Use this checklist during Lesson 08 — AudioMoth deployment. Print one copy per deployment campaign. The hardware steps are easy; the protocol steps at the bottom are the actual work.


Site name    ___________________________________________________

Campaign window   ___________________________________________________

Lead deployer   ___________________________________________________

Data council reviewer (signed)   ___________________________________________________


Hardware preparation

  • Batteries — fresh AA cells per unit. Lithium recommended for cold/long deployments.
  • microSD cards — 32 GB or 64 GB, formatted FAT32. Label each card with site + unit ID.
  • Firmware schedule loaded via AudioMoth Configuration App. Recommended starter schedule: 1 min recording every 5 min, dawn (sunrise ± 1 h) and dusk (sunset ± 1 h) windows.
  • Sample rate set (typically 48 kHz for general bioacoustics).
  • Internal clock synced.
  • Weatherproof case (silicone Ziploc bag is the minimum; AudioMoth IPX7 case is better).
  • Unit IDs marked on the case in waterproof ink — readable from the ground.

Field placement

  • Locations decided in advance — sketch on a printed map, not just memory.
  • Places we will NEVER deploy named and circled on the same map.
  • Mounted 1.5–2 m above ground on a tree trunk, microphone unobstructed, away from running water if possible.
  • GPS coordinate logged for each unit. Photo of the mount included in the log.
  • First retrieval date scheduled before leaving the site.
UnitLatitudeLongitudeMount treeScheduleRetrieval date

Retrieval

  • Cards swapped on the scheduled date (overdue cards risk corruption + lost data).
  • SD cards labelled with site + date + unit ID before leaving the tree.
  • On return: backup to two physical locations within 48 hours.
  • Optional: spectrograms reviewed for one random hour per unit as a sanity check.

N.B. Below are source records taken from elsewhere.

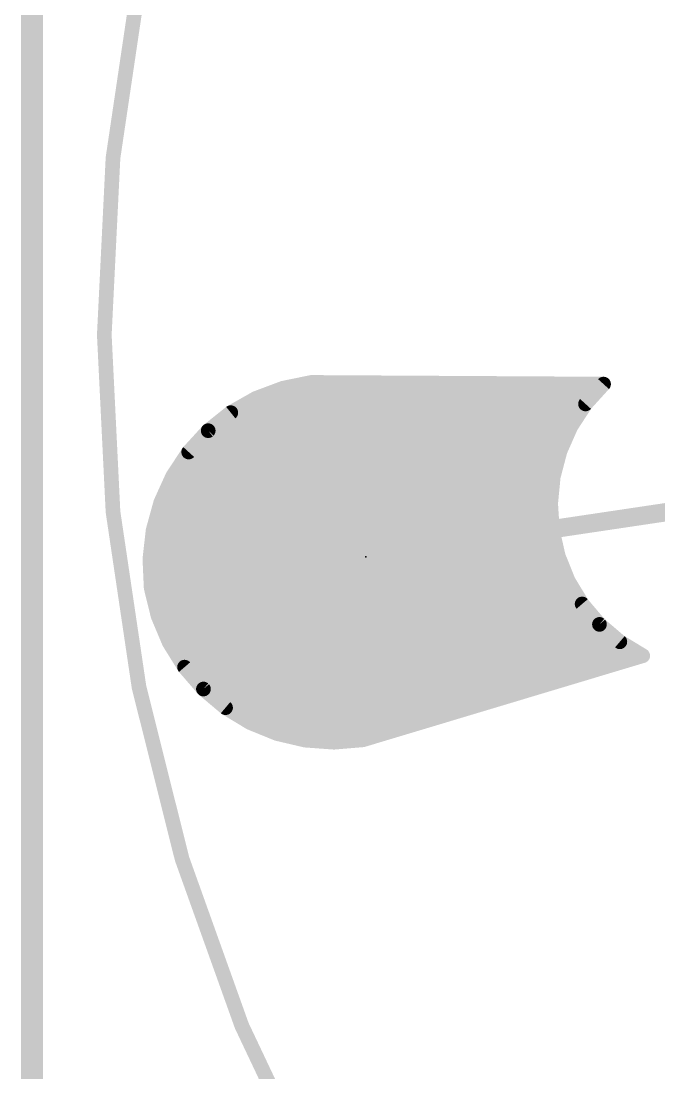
# Model space of a CAD drawing. Extents: x -26.2 to 26.2, y -26.2 to 26.2.
# Drawn here: x -26.15 to -17.32, y -10.22 to 4.35 of the extents above; entities that cross this region are included whole.
import ezdxf

# ---------------------------------------------------------------- set-up
doc = ezdxf.new("R2010")
doc.units = 0
for name, color, linetype in [('1', 12, 'CONTINUOUS'), ('16', 132, 'CONTINUOUS'), ('17', 110, 'CONTINUOUS'), ('20', 53, 'CONTINUOUS'), ('23', 53, 'CONTINUOUS')]:
    doc.layers.add(name, color=color, linetype=linetype)

# ---------------------------------------------------------------- blocks, each defined once
blk = doc.blocks.new('ROUNDP')
at = {"const_width": 0.5}
blk.add_lwpolyline([(0, -0.25, 1), (0, 0.25, 1), (0, -0.25)], format="xyb", dxfattribs=at)

msp = doc.modelspace()

# ---------------------------------------------------------------- linework, layer by layer
at = {"layer": '1', "const_width": 0.2032}
for points in [[(-22.1345, -0.6586), (-22.5266, -0.7389)], [(-18.0898, -0.682), (-22.1345, -0.6586)], [(-18.3391, -0.9564), (-18.0898, -0.682)], [(-22.5266, -0.7389), (-22.9012, -0.8796)], [(-22.7233, -0.8128), (-18.2087, -0.8128)], [(-22.9012, -0.8796), (-23.2493, -1.0772)], [(-18.5415, -1.2671), (-18.3391, -0.9564)], [(-23.2493, -1.0772), (-23.5622, -1.3267)], [(-23.1415, -1.016), (-18.378, -1.016)], [(-23.4274, -1.2192), (-18.5104, -1.2192)], [(-23.5622, -1.3267), (-23.8321, -1.6221)], [(-18.6918, -1.606), (-18.5415, -1.2671)], [(-23.6496, -1.4224), (-18.6104, -1.4224)], [(-23.8321, -1.6221), (-24.0526, -1.9562)], [(-23.8344, -1.6256), (-18.697, -1.6256)], [(-18.7861, -1.9646), (-18.6918, -1.606)], [(-23.9685, -1.8288), (-18.7504, -1.8288)], [(-24.0526, -1.9562), (-24.2181, -2.3206)], [(-18.8221, -2.3337), (-18.7861, -1.9646)], [(-24.087, -2.032), (-18.7927, -2.032)], [(-24.1793, -2.2352), (-18.8125, -2.2352)], [(-24.2181, -2.3206), (-24.3245, -2.7064)], [(-18.7987, -2.7037), (-18.8221, -2.3337)], [(-24.2506, -2.4384), (-18.8155, -2.4384)], [(-24.3245, -2.7064), (-24.3693, -3.1041)], [(-24.3067, -2.6416), (-18.8026, -2.6416)], [(-18.7166, -3.0653), (-18.7987, -2.7037)], [(-24.3401, -2.8448), (-18.7667, -2.8448)], [(-24.3693, -3.1041), (-24.3513, -3.5039)], [(-24.363, -3.048), (-18.7206, -3.048)], [(-18.578, -3.4092), (-18.7166, -3.0653)], [(-24.3627, -3.2512), (-18.6417, -3.2512)], [(-18.3862, -3.7266), (-18.578, -3.4092)], [(-24.3536, -3.4544), (-18.5507, -3.4544)], [(-24.3513, -3.5039), (-24.2557, -3.8925)], [(-24.3135, -3.6576), (-18.4279, -3.6576)], [(-18.1464, -4.0094), (-18.3862, -3.7266)], [(-24.2635, -3.8608), (-18.2724, -3.8608)], [(-24.2557, -3.8925), (-24.1004, -4.2614)], [(-17.8645, -4.2502), (-18.1464, -4.0094)], [(-24.1835, -4.064), (-18.0824, -4.064)], [(-24.1004, -4.2614), (-23.8894, -4.6014)], [(-24.0968, -4.2672), (-17.8366, -4.2672)], [(-17.5478, -4.4431), (-17.8645, -4.2502)], [(-23.9707, -4.4704), (-17.6386, -4.4704)], [(-21.4213, -5.6075), (-17.5478, -4.4431)], [(-23.8894, -4.6014), (-23.6277, -4.9043)], [(-23.827, -4.6736), (-18.3146, -4.6736)], [(-23.6515, -4.8768), (-18.9906, -4.8768)], [(-23.6277, -4.9043), (-23.322, -5.1624)], [(-23.4196, -5.08), (-19.6665, -5.08)], [(-23.322, -5.1624), (-22.9795, -5.3696)], [(-23.1224, -5.2832), (-20.3425, -5.2832)], [(-22.9795, -5.3696), (-22.6089, -5.5207)], [(-22.6931, -5.4864), (-21.0185, -5.4864)], [(-22.6089, -5.5207), (-22.2193, -5.6119)], [(-22.2193, -5.6119), (-21.8201, -5.6411)], [(-21.8201, -5.6411), (-21.4213, -5.6075)]]:
    msp.add_lwpolyline(points, dxfattribs=at)
at = {"layer": '1', "const_width": 0.1016}
for points in [[(-22.1342, -0.6078, 1), (-22.1348, -0.7094)], [(-22.1243, -0.7084, 1), (-22.1447, -0.6088)], [(-18.0522, -0.7161, 1), (-18.1274, -0.6478)], [(-18.0901, -0.7328, 1), (-18.0895, -0.6312)], [(-22.7233, -0.762, 1), (-22.7233, -0.8636)], [(-22.5367, -0.6892, 1), (-22.5164, -0.7887)], [(-22.5087, -0.7865, 1), (-22.5444, -0.6914)], [(-18.2087, -0.8636, 1), (-18.2087, -0.762)], [(-22.9191, -0.832, 1), (-22.8834, -0.9272)], [(-22.8762, -0.9238, 1), (-22.9263, -0.8354)], [(-18.3767, -0.9222, 1), (-18.3015, -0.9906)], [(-18.2966, -0.9841, 1), (-18.3817, -0.9287)], [(-23.2744, -1.033, 1), (-23.2242, -1.1213)], [(-23.2176, -1.1169, 1), (-23.281, -1.0374)], [(-23.1415, -0.9652, 1), (-23.1415, -1.0668)], [(-18.378, -1.0668, 1), (-18.378, -0.9652)], [(-23.4274, -1.1684, 1), (-23.4274, -1.27)], [(-18.5104, -1.27, 1), (-18.5104, -1.1684)], [(-23.5938, -1.287, 1), (-23.5305, -1.3664)], [(-23.5247, -1.361, 1), (-23.5997, -1.2924)], [(-18.5841, -1.2393, 1), (-18.499, -1.2948)], [(-18.4951, -1.2877, 1), (-18.588, -1.2465)], [(-23.6496, -1.3716, 1), (-23.6496, -1.4732)], [(-18.6104, -1.4732, 1), (-18.6104, -1.3716)], [(-23.8344, -1.5748, 1), (-23.8344, -1.6764)], [(-23.8696, -1.5879, 1), (-23.7946, -1.6564)], [(-23.7897, -1.6501, 1), (-23.8745, -1.5942)], [(-18.7383, -1.5855, 1), (-18.6454, -1.6266)], [(-18.6427, -1.619, 1), (-18.7409, -1.5931)], [(-18.697, -1.6764, 1), (-18.697, -1.5748)], [(-23.9685, -1.778, 1), (-23.9685, -1.8796)], [(-18.7504, -1.8796, 1), (-18.7504, -1.778)], [(-24.095, -1.9282, 1), (-24.0102, -1.9842)], [(-24.0063, -1.9772, 1), (-24.0989, -1.9352)], [(-18.7356, -1.9696, 1), (-18.8367, -1.9597)], [(-24.087, -1.9812, 1), (-24.087, -2.0828)], [(-18.8353, -1.9517, 1), (-18.737, -1.9776)], [(-18.7927, -2.0828, 1), (-18.7927, -1.9812)], [(-24.1793, -2.1844, 1), (-24.1793, -2.286)], [(-18.8125, -2.286, 1), (-18.8125, -2.1844)], [(-24.2643, -2.2996, 1), (-24.1718, -2.3416)], [(-24.1691, -2.3341, 1), (-24.267, -2.3071)], [(-18.7714, -2.3305, 1), (-18.8728, -2.3369)], [(-18.8726, -2.3288, 1), (-18.7715, -2.3386)], [(-24.2506, -2.3876, 1), (-24.2506, -2.4892)], [(-18.8155, -2.4892, 1), (-18.8155, -2.3876)], [(-24.274, -2.7121, 1), (-24.375, -2.7007)], [(-24.3067, -2.5908, 1), (-24.3067, -2.6924)], [(-18.7492, -2.6925, 1), (-18.8482, -2.715)], [(-18.8026, -2.6924, 1), (-18.8026, -2.5908)], [(-24.3401, -2.794, 1), (-24.3401, -2.8956)], [(-24.3735, -2.6929, 1), (-24.2756, -2.7199)], [(-18.8494, -2.7069, 1), (-18.748, -2.7005)], [(-18.7667, -2.8956, 1), (-18.7667, -2.794)], [(-24.3186, -3.1018, 1), (-24.4201, -3.1064)], [(-24.4198, -3.0984, 1), (-24.3188, -3.1098)], [(-24.363, -2.9972, 1), (-24.363, -3.0988)], [(-18.6695, -3.0463, 1), (-18.7637, -3.0843)], [(-18.7662, -3.0766, 1), (-18.6671, -3.0541)], [(-18.7206, -3.0988, 1), (-18.7206, -2.9972)], [(-24.3627, -3.2004, 1), (-24.3627, -3.302)], [(-18.6417, -3.302, 1), (-18.6417, -3.2004)], [(-18.5345, -3.383, 1), (-18.6214, -3.4355)], [(-18.6251, -3.4282, 1), (-18.5308, -3.3902)], [(-24.3536, -3.4036, 1), (-24.3536, -3.5052)], [(-24.302, -3.4917, 1), (-24.4007, -3.516)], [(-24.4021, -3.5062, 1), (-24.3006, -3.5016)], [(-18.5507, -3.5052, 1), (-18.5507, -3.4036)], [(-24.3135, -3.6068, 1), (-24.3135, -3.7084)], [(-18.3475, -3.6937, 1), (-18.425, -3.7595)], [(-18.4279, -3.7084, 1), (-18.4279, -3.6068)], [(-24.2635, -3.81, 1), (-24.2635, -3.9116)], [(-18.4297, -3.7529, 1), (-18.3428, -3.7003)], [(-18.2724, -3.9116, 1), (-18.2724, -3.81)], [(-24.2089, -3.8728, 1), (-24.3025, -3.9122)], [(-24.305, -3.9046, 1), (-24.2064, -3.8804)], [(-18.1134, -3.9707, 1), (-18.1794, -4.048)], [(-18.1851, -4.0422, 1), (-18.1076, -3.9765)], [(-24.1835, -4.0132, 1), (-24.1835, -4.1148)], [(-18.0824, -4.1148, 1), (-18.0824, -4.0132)], [(-24.0573, -4.2346, 1), (-24.1436, -4.2882)], [(-24.0968, -4.2164, 1), (-24.0968, -4.318)], [(-24.1472, -4.2811, 1), (-24.0536, -4.2417)], [(-17.8381, -4.2069, 1), (-17.8909, -4.2936)], [(-17.8975, -4.2889, 1), (-17.8315, -4.2116)], [(-17.8366, -4.318, 1), (-17.8366, -4.2164)], [(-23.9707, -4.4196, 1), (-23.9707, -4.5212)], [(-17.6386, -4.5212, 1), (-17.6386, -4.4196)], [(-17.5742, -4.4865, 1), (-17.5214, -4.3997)], [(-17.5332, -4.4918, 1), (-17.5624, -4.3945)], [(-23.8509, -4.5682, 1), (-23.9278, -4.6346)], [(-23.9325, -4.6282, 1), (-23.8462, -4.5746)], [(-23.827, -4.6228, 1), (-23.827, -4.7244)], [(-18.3146, -4.7244, 1), (-18.3146, -4.6228)], [(-23.6515, -4.826, 1), (-23.6515, -4.9276)], [(-23.595, -4.8654, 1), (-23.6605, -4.9431)], [(-18.9906, -4.9276, 1), (-18.9906, -4.826)], [(-23.6662, -4.9375, 1), (-23.5893, -4.871)], [(-23.4196, -5.0292, 1), (-23.4196, -5.1308)], [(-23.2957, -5.119, 1), (-23.3483, -5.2059)], [(-23.3547, -5.2013, 1), (-23.2892, -5.1236)], [(-19.6665, -5.1308, 1), (-19.6665, -5.0292)], [(-23.1224, -5.2324, 1), (-23.1224, -5.334)], [(-20.3425, -5.334, 1), (-20.3425, -5.2324)], [(-22.9604, -5.3226, 1), (-22.9987, -5.4167)], [(-23.0058, -5.4131, 1), (-22.9533, -5.3262)], [(-22.6931, -5.4356, 1), (-22.6931, -5.5372)], [(-21.0185, -5.5372, 1), (-21.0185, -5.4356)], [(-22.5974, -5.4712, 1), (-22.6205, -5.5702)], [(-22.6281, -5.5677, 1), (-22.5898, -5.4737)], [(-22.2156, -5.5613, 1), (-22.223, -5.6626)], [(-22.2309, -5.6614, 1), (-22.2077, -5.5625)], [(-21.436, -5.5588, 1), (-21.4067, -5.6561)], [(-21.4171, -5.6581, 1), (-21.4256, -5.5569)], [(-21.8244, -5.5905, 1), (-21.8159, -5.6917)], [(-21.8238, -5.6918, 1), (-21.8164, -5.5904)]]:
    msp.add_lwpolyline(points, format="xyb", dxfattribs=at)
at = {"layer": '16'}
for points, const_width in [([(-26, -26), (-26, 26)], 0.3048), ([(-22.5265, -0.7389), (-22.1345, -0.6586)], 0.2032), ([(-22.1345, -0.6586), (-18.0898, -0.682)], 0.2032), ([(-18.0898, -0.682), (-18.3391, -0.9564)], 0.2032), ([(-22.9012, -0.8796), (-22.5265, -0.7389)], 0.2032), ([(-22.7232, -0.8128), (-18.2087, -0.8128)], 0.2032), ([(-23.2493, -1.0772), (-22.9012, -0.8796)], 0.2032), ([(-18.3391, -0.9564), (-18.5415, -1.2671)], 0.2032), ([(-23.5621, -1.3267), (-23.2493, -1.0772)], 0.2032), ([(-23.1415, -1.016), (-18.378, -1.016)], 0.2032), ([(-23.4273, -1.2192), (-18.5104, -1.2192)], 0.2032), ([(-23.8321, -1.6222), (-23.5621, -1.3267)], 0.2032), ([(-18.5415, -1.2671), (-18.6918, -1.606)], 0.2032), ([(-23.6496, -1.4224), (-18.6104, -1.4224)], 0.2032), ([(-24.0526, -1.9562), (-23.8321, -1.6222)], 0.2032), ([(-23.8344, -1.6256), (-18.697, -1.6256)], 0.2032), ([(-18.6918, -1.606), (-18.7861, -1.9646)], 0.2032), ([(-23.9685, -1.8288), (-18.7504, -1.8288)], 0.2032), ([(-24.218, -2.3206), (-24.0526, -1.9562)], 0.2032), ([(-18.7861, -1.9646), (-18.8221, -2.3337)], 0.2032), ([(-24.087, -2.032), (-18.7927, -2.032)], 0.2032), ([(-15.24, -2.159), (-21.3523, -3.0717)], 0.254), ([(-24.1793, -2.2352), (-18.8125, -2.2352)], 0.2032), ([(-24.3245, -2.7064), (-24.218, -2.3206)], 0.2032), ([(-18.8221, -2.3337), (-18.7987, -2.7037)], 0.2032), ([(-24.2506, -2.4384), (-18.8155, -2.4384)], 0.2032), ([(-24.3693, -3.1041), (-24.3245, -2.7064)], 0.2032), ([(-24.3066, -2.6416), (-18.8026, -2.6416)], 0.2032), ([(-18.7987, -2.7037), (-18.7166, -3.0653)], 0.2032), ([(-24.3401, -2.8448), (-18.7667, -2.8448)], 0.2032), ([(-24.3513, -3.5039), (-24.3693, -3.1041)], 0.2032), ([(-24.363, -3.048), (-18.7206, -3.048)], 0.2032), ([(-18.7166, -3.0653), (-18.578, -3.4092)], 0.2032), ([(-24.3627, -3.2512), (-18.6417, -3.2512)], 0.2032), ([(-18.578, -3.4092), (-18.3862, -3.7266)], 0.2032), ([(-24.3536, -3.4544), (-18.5507, -3.4544)], 0.2032), ([(-24.2557, -3.8925), (-24.3513, -3.5039)], 0.2032), ([(-24.3135, -3.6576), (-18.4279, -3.6576)], 0.2032), ([(-18.3862, -3.7266), (-18.1464, -4.0094)], 0.2032), ([(-24.2635, -3.8608), (-18.2724, -3.8608)], 0.2032), ([(-24.1004, -4.2614), (-24.2557, -3.8925)], 0.2032), ([(-18.1464, -4.0094), (-17.8645, -4.2502)], 0.2032), ([(-24.1835, -4.064), (-18.0824, -4.064)], 0.2032), ([(-23.8894, -4.6014), (-24.1004, -4.2614)], 0.2032), ([(-24.0968, -4.2672), (-17.8366, -4.2672)], 0.2032), ([(-17.8645, -4.2502), (-17.5478, -4.4431)], 0.2032), ([(-23.9707, -4.4704), (-17.6386, -4.4704)], 0.2032), ([(-17.5478, -4.4431), (-21.4213, -5.6075)], 0.2032), ([(-23.6278, -4.9043), (-23.8894, -4.6014)], 0.2032), ([(-23.8271, -4.6736), (-18.3146, -4.6736)], 0.2032), ([(-23.6515, -4.8768), (-18.9906, -4.8768)], 0.2032), ([(-23.322, -5.1625), (-23.6278, -4.9043)], 0.2032), ([(-23.4197, -5.08), (-19.6665, -5.08)], 0.2032), ([(-22.9796, -5.3697), (-23.322, -5.1625)], 0.2032), ([(-23.1225, -5.2832), (-20.3425, -5.2832)], 0.2032), ([(-22.609, -5.5207), (-22.9796, -5.3697)], 0.2032), ([(-22.6932, -5.4864), (-21.0185, -5.4864)], 0.2032), ([(-22.2193, -5.612), (-22.609, -5.5207)], 0.2032), ([(-21.8201, -5.6411), (-22.2193, -5.612)], 0.2032), ([(-21.4213, -5.6075), (-21.8201, -5.6411)], 0.2032)]:
    msp.add_lwpolyline(points, dxfattribs=dict(at, const_width=const_width))
for points, const_width in [([(-22.1342, -0.6078, 1), (-22.1348, -0.7094)], 0.1016), ([(-22.1243, -0.7084, 1), (-22.1447, -0.6088)], 0.1016), ([(-18.0522, -0.7161, 1), (-18.1274, -0.6478)], 0.1016), ([(-18.0901, -0.7328, 1), (-18.0895, -0.6312)], 0.1016), ([(-22.7232, -0.762, 1), (-22.7232, -0.8636)], 0.1016), ([(-22.5367, -0.6892, 1), (-22.5163, -0.7887)], 0.1016), ([(-22.5087, -0.7865, 1), (-22.5444, -0.6914)], 0.1016), ([(-18.2087, -0.8636, 1), (-18.2087, -0.762)], 0.1016), ([(-22.9191, -0.8321, 1), (-22.8834, -0.9272)], 0.1016), ([(-22.8761, -0.9238, 1), (-22.9263, -0.8354)], 0.1016), ([(-18.3767, -0.9222, 1), (-18.3015, -0.9906)], 0.1016), ([(-18.2966, -0.9841, 1), (-18.3817, -0.9287)], 0.1016), ([(-23.2743, -1.033, 1), (-23.2242, -1.1214)], 0.1016), ([(-23.2176, -1.1169, 1), (-23.2809, -1.0375)], 0.1016), ([(-23.1415, -0.9652, 1), (-23.1415, -1.0668)], 0.1016), ([(-18.378, -1.0668, 1), (-18.378, -0.9652)], 0.1016), ([(-23.4273, -1.1684, 1), (-23.4273, -1.27)], 0.1016), ([(-18.5104, -1.27, 1), (-18.5104, -1.1684)], 0.1016), ([(-23.5938, -1.287, 1), (-23.5305, -1.3665)], 0.1016), ([(-23.5246, -1.361, 1), (-23.5996, -1.2925)], 0.1016), ([(-18.5841, -1.2393, 1), (-18.499, -1.2948)], 0.1016), ([(-18.4951, -1.2877, 1), (-18.588, -1.2465)], 0.1016), ([(-23.6496, -1.3716, 1), (-23.6496, -1.4732)], 0.1016), ([(-18.6104, -1.4732, 1), (-18.6104, -1.3716)], 0.1016), ([(-23.8344, -1.5748, 1), (-23.8344, -1.6764)], 0.1016), ([(-23.8696, -1.5879, 1), (-23.7946, -1.6564)], 0.1016), ([(-23.7897, -1.6502, 1), (-23.8745, -1.5942)], 0.1016), ([(-18.7383, -1.5855, 1), (-18.6454, -1.6266)], 0.1016), ([(-18.6427, -1.619, 1), (-18.7409, -1.5931)], 0.1016), ([(-18.697, -1.6764, 1), (-18.697, -1.5748)], 0.1016), ([(-23.9685, -1.778, 1), (-23.9685, -1.8796)], 0.1016), ([(-18.7504, -1.8796, 1), (-18.7504, -1.778)], 0.1016), ([(-24.095, -1.9282, 1), (-24.0102, -1.9842)], 0.1016), ([(-24.0063, -1.9772, 1), (-24.0988, -1.9352)], 0.1016), ([(-18.7356, -1.9696, 1), (-18.8367, -1.9597)], 0.1016), ([(-24.087, -1.9812, 1), (-24.087, -2.0828)], 0.1016), ([(-18.8353, -1.9517, 1), (-18.737, -1.9776)], 0.1016), ([(-18.7927, -2.0828, 1), (-18.7927, -1.9812)], 0.1016), ([(-24.1793, -2.1844, 1), (-24.1793, -2.286)], 0.1016), ([(-18.8125, -2.286, 1), (-18.8125, -2.1844)], 0.1016), ([(-24.2643, -2.2996, 1), (-24.1718, -2.3416)], 0.1016), ([(-24.1691, -2.3341, 1), (-24.267, -2.3071)], 0.1016), ([(-18.7714, -2.3305, 1), (-18.8728, -2.3369)], 0.1016), ([(-18.8726, -2.3288, 1), (-18.7715, -2.3386)], 0.1016), ([(-24.2506, -2.3876, 1), (-24.2506, -2.4892)], 0.1016), ([(-18.8155, -2.4892, 1), (-18.8155, -2.3876)], 0.1016), ([(-24.274, -2.7121, 1), (-24.375, -2.7007)], 0.1016), ([(-24.3066, -2.5908, 1), (-24.3066, -2.6924)], 0.1016), ([(-18.7492, -2.6925, 1), (-18.8482, -2.715)], 0.1016), ([(-18.8026, -2.6924, 1), (-18.8026, -2.5908)], 0.1016), ([(-24.3401, -2.794, 1), (-24.3401, -2.8956)], 0.1016), ([(-24.3735, -2.6929, 1), (-24.2755, -2.7199)], 0.1016), ([(-18.8494, -2.7069, 1), (-18.748, -2.7005)], 0.1016), ([(-18.7667, -2.8956, 1), (-18.7667, -2.794)], 0.1016), ([(-24.3185, -3.1018, 1), (-24.42, -3.1064)], 0.1016), ([(-24.4198, -3.0984, 1), (-24.3188, -3.1098)], 0.1016), ([(-24.363, -2.9972, 1), (-24.363, -3.0988)], 0.1016), ([(-21.3617, -3.0089, 1), (-21.3429, -3.1345)], 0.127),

The protocol layer (the actual sovereignty)

Skip this section and the deployment is data extraction with extra steps. Fill it in and it’s a piece of community-tended data infrastructure.

Boundary statement   (see the Boundary worksheet — fill that out FIRST if you haven’t already)

Per-minute price for the recordings   (set by the community data council, paid to the deployer via CDI)

$    ___________ per minute   ·   paid in: ___________________________

Who can request access to these recordings?   (named parties; everyone else is excluded)

Who reviews access requests?   (named human + backup)

Primary: ___________________________________________________

Backup:   ___________________________________________________

Withdrawal pathway   (what an engineer would actually execute to pull a dataset back)

Places we will never deploy   (sacred sites, private homes, ceremonial grounds — list them by name; the absence list IS the consent)


Closing checklist

  • Every hardware row above is checked.
  • Every protocol question is answered in writing.
  • The data council has signed off before the first device leaves the office.
  • A next-review date is set, no more than six months away.
The same AudioMoth, deployed without any of these protocols, is a piece of data-extraction infrastructure. With them, it’s a piece of soil-tending infrastructure.